#### Instructions for the task
Report back every line below that carries the word "Pout".

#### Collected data

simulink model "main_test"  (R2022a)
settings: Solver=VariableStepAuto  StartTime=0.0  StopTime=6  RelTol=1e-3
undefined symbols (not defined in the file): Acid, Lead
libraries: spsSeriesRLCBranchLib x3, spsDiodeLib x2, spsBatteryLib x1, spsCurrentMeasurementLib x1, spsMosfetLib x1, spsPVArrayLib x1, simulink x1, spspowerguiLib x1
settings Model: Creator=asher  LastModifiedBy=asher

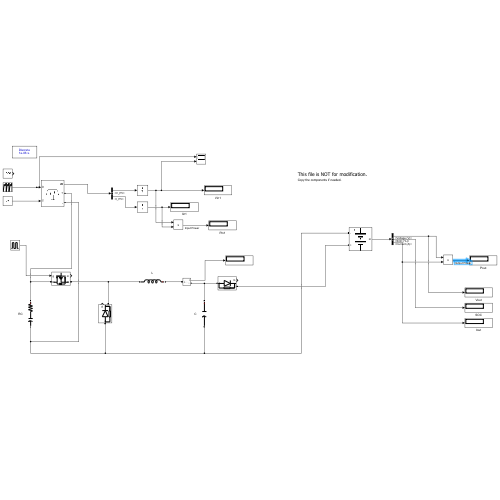
[thumbnail: Simulink's stored preview of the top-level diagram]
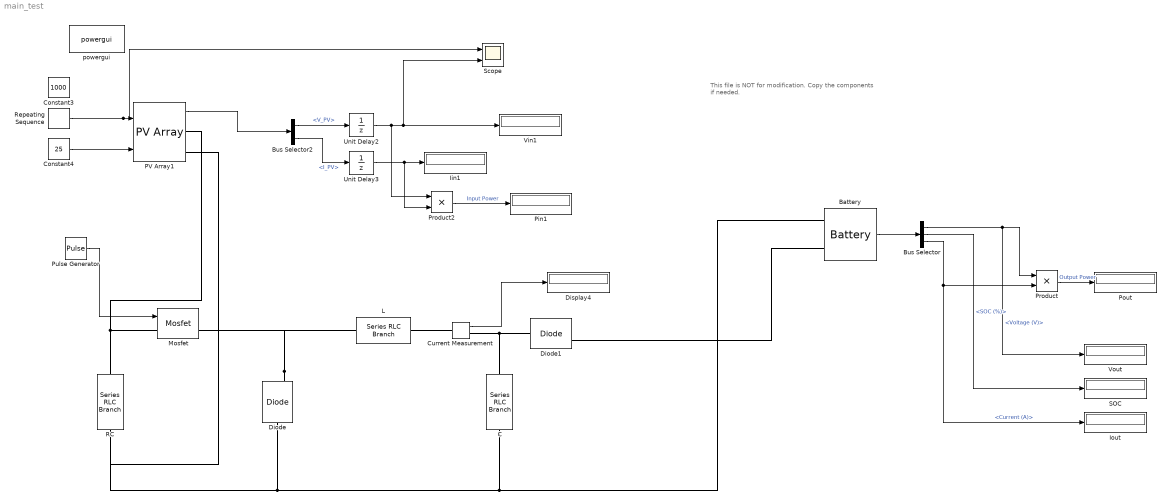
== system main_test ==
  note: This file is NOT for modification.
      | Copy the components if needed.
  Battery : spsBatteryLib/Battery  BatType=Lead-Acid  ShowTempParam=off  ThermalPreset=no  ShowAgeParam=off  NomV=15  NomQ=100  SOC=30  Batt_Tr=10  PresetModel=on  MaxQ=104.1667  MinV=11.25  FullV=16.3322  Dis_rate=20  R=0.0015  Normal_OP=31.0278  expZone="[15.2714     0.333333]"  current=[6.5 13 32.5]  Units=Time  Tci=20  NomT=20  T2=-30  MaxQ2=4.8  FullV2=7.1  Normal_OP2=5.655  expZone2="[6.58           1]"  Rca=0.6  ti=2000  Dp=0  Neq0=0  Tsim=1e6  Ta1=25  Qeol=5.4*0.9  Reol=0.013333*1.2  Char_age=[2.3478, 3]  Dis_age=[2.3478, 10]  N1=1500  N2=10500  N3=1000  N4=1400  Ta2=45  N5=950
  Bus Selector : BusSelector  OutputSignals=Voltage (V),SOC (%),Current (A)
  Bus Selector2 : BusSelector  OutputSignals=V_PV,I_PV
  C : spsSeriesRLCBranchLib/Series RLC Branch  LConnTagsString=__new0  RConnTagsString=__new0  BranchType=C  Resistance=1  Inductance=1e-3  SetiL0=off  InitialCurrent=0  Capacitance=933e-6  Setx0=off  InitialVoltage=0  Measurements=None
  Constant3 : Constant  Value=1000
  Constant4 : Constant  Value=25
  Current Measurement : spsCurrentMeasurementLib/Current Measurement  PhasorSimulation=off  OutputType=Complex  PSBequivalent=0
  Diode : spsDiodeLib/Diode  Ron=0.001  Lon=0  Vf=0.8  IC=0  UseSnubber=0  Rs=500  Cs=250e-9  Measurements=on
  Diode1 : spsDiodeLib/Diode  Ron=0.001  Lon=0  Vf=0.8  IC=0  UseSnubber=0  Rs=500  Cs=250e-9  Measurements=on
  Display4 : Display
  Iin1 : Display
  Iout : Display
  L : spsSeriesRLCBranchLib/Series RLC Branch  LConnTagsString=__new0  RConnTagsString=__new0  BranchType=L  Resistance=1  Inductance=9.949e-6  SetiL0=off  InitialCurrent=0  Capacitance=1e-6  Setx0=off  InitialVoltage=0  Measurements=None
  Mosfet : spsMosfetLib/Mosfet  Ron=0.1  Lon=0  Rd=0.01  Vfd=0  IC=0  Rs=1e5  Cs=inf  Measurements=on
  PV Array1 : spsPVArrayLib/PV Array  Npar=1  Nser=1  PlotType=array @ 25 deg.C & specified irradiances  S_vec="[ 1000  500  100 ]"  Temp_C_vec="[ 45 25  ]"  ModuleName=User-defined  PlotWhenSelected=off  Pm=213.15  Ncell=60  Voc=36.3  Isc=7.84  Vm=29  Im=7.35  beta_Voc_pc=-0.36099  alpha_Isc_pc=0.102  beta_Voc=-0.13104  alpha_Isc=0.0079968  IL=7.8654  I0=2.9273e-10  nI=0.98119  Rsh=313.0553  Rs=0.39381  RobustModel=off  RobustCellTemperature=313.3991  BAL=on  Tc=1e-6  Tfilter=5e-5
  Pin1 : Display
  Pout : Display
  Product : Product
  Product2 : Product
  Pulse Generator : DiscretePulseGenerator  PulseType=Time based  Period=2e-5  PulseWidth=53.57
  RC : spsSeriesRLCBranchLib/Series RLC Branch  LConnTagsString=__new0  RConnTagsString=__new0  BranchType=RC  Resistance=0.0001  Inductance=1e-3  SetiL0=off  InitialCurrent=0  Capacitance=0.001  Setx0=off  InitialVoltage=0  Measurements=None
  Repeating Sequence : simulink/Sources/Repeating Sequence  rep_seq_t=[0 2 4 6]  rep_seq_y=[0 1000 800 1200]
  SOC : Display
  Scope : Scope  NumInputPorts=2
  Unit Delay2 : UnitDelay  SampleTime=-1  HasFrameUpgradeWarning=on
  Unit Delay3 : UnitDelay  SampleTime=-1  HasFrameUpgradeWarning=on
  Vin1 : Display
  Vout : Display
  powergui : spspowerguiLib/powergui  Priority=1  SimulationMode=Discrete  SampleTime=1e-6  frequency=60  Iterations=50  frequencyindice=0  Pbase=100e6  ErrMax=1e-4  UnitsV=kV  UnitsW=MW  buscounter=0  FunctionMessages=off  echomessages=off  EnableUseOfTLC=off  CurrentSourceSwitches=off  DisableSnubberDevices=off  DisableRonSwitches=off  DisableVfSwitches=off  DisplayEquations=off  AutomaticDiscreteSolvers=off  SolverType=Tustin/Backward Euler (TBE)  Interpol=off  ExternalGateDelay=off  methode=off  Ts=100  x0status=blocks  SPID=on  SwTol=0  HookPort=off  NonlinearTolerance=1e-4  nMaxIteration=100  ContinueOnMaxIteration=off  RestoreLinks=warning  ResistiveCurrentMeasurement=off  Frange=[0:2:500]  Ylog=off  Xlog=on  ShowGrid=off  save=off  variable=ZData  structure=0  ZoomFFT=off  StartTime=0.0  cycles=1  DisplayStyle=1  fundamental=60  FreqAxis=off  MaxFrequency=1000  frequencyindicesteady=1  RmsSteady=1  display=off
  wires:
  Product2/1 -> Pin1/1  "Input Power"
  Unit Delay3/1 -> Product2/2, Iin1/1
  Unit Delay2/1 -> Product2/1, Scope/2, Vin1/1
  Bus Selector2/1 -> Unit Delay2/1  "<V_PV>"
  Bus Selector2/2 -> Unit Delay3/1  "<I_PV>"
  Constant4/1 -> PV Array1/2
  PV Array1/1 -> Bus Selector2/1
  Current Measurement/1 -> Display4/1
  Pulse Generator/1 -> Mosfet/1
  Product/1 -> Pout/1  "Output Power"
  Bus Selector/2 -> SOC/1  "<SOC (%)>"
  Battery/1 -> Bus Selector/1
  Bus Selector/3 -> Product/2, Iout/1  "<Current (A)>"
  Bus Selector/1 -> Product/1, Vout/1  "<Voltage (V)>"
  Repeating Sequence/1 -> Scope/1, PV Array1/1
  connections:
  RC/LConn1 -- PV Array1/RConn1 -- Mosfet/LConn1
  Diode/RConn1 -- Mosfet/RConn1 -- L/RConn1
  PV Array1/RConn2 -- RC/RConn1 -- Diode/LConn1 -- C/RConn1 -- Battery/LConn2
  Diode1/LConn1 -- Current Measurement/RConn1 -- C/LConn1
  Current Measurement/LConn1 -- L/LConn1
  Battery/LConn1 -- Diode1/RConn1

#### Task response
  Pout : Display
  Product/1 -> Pout/1  "Output Power"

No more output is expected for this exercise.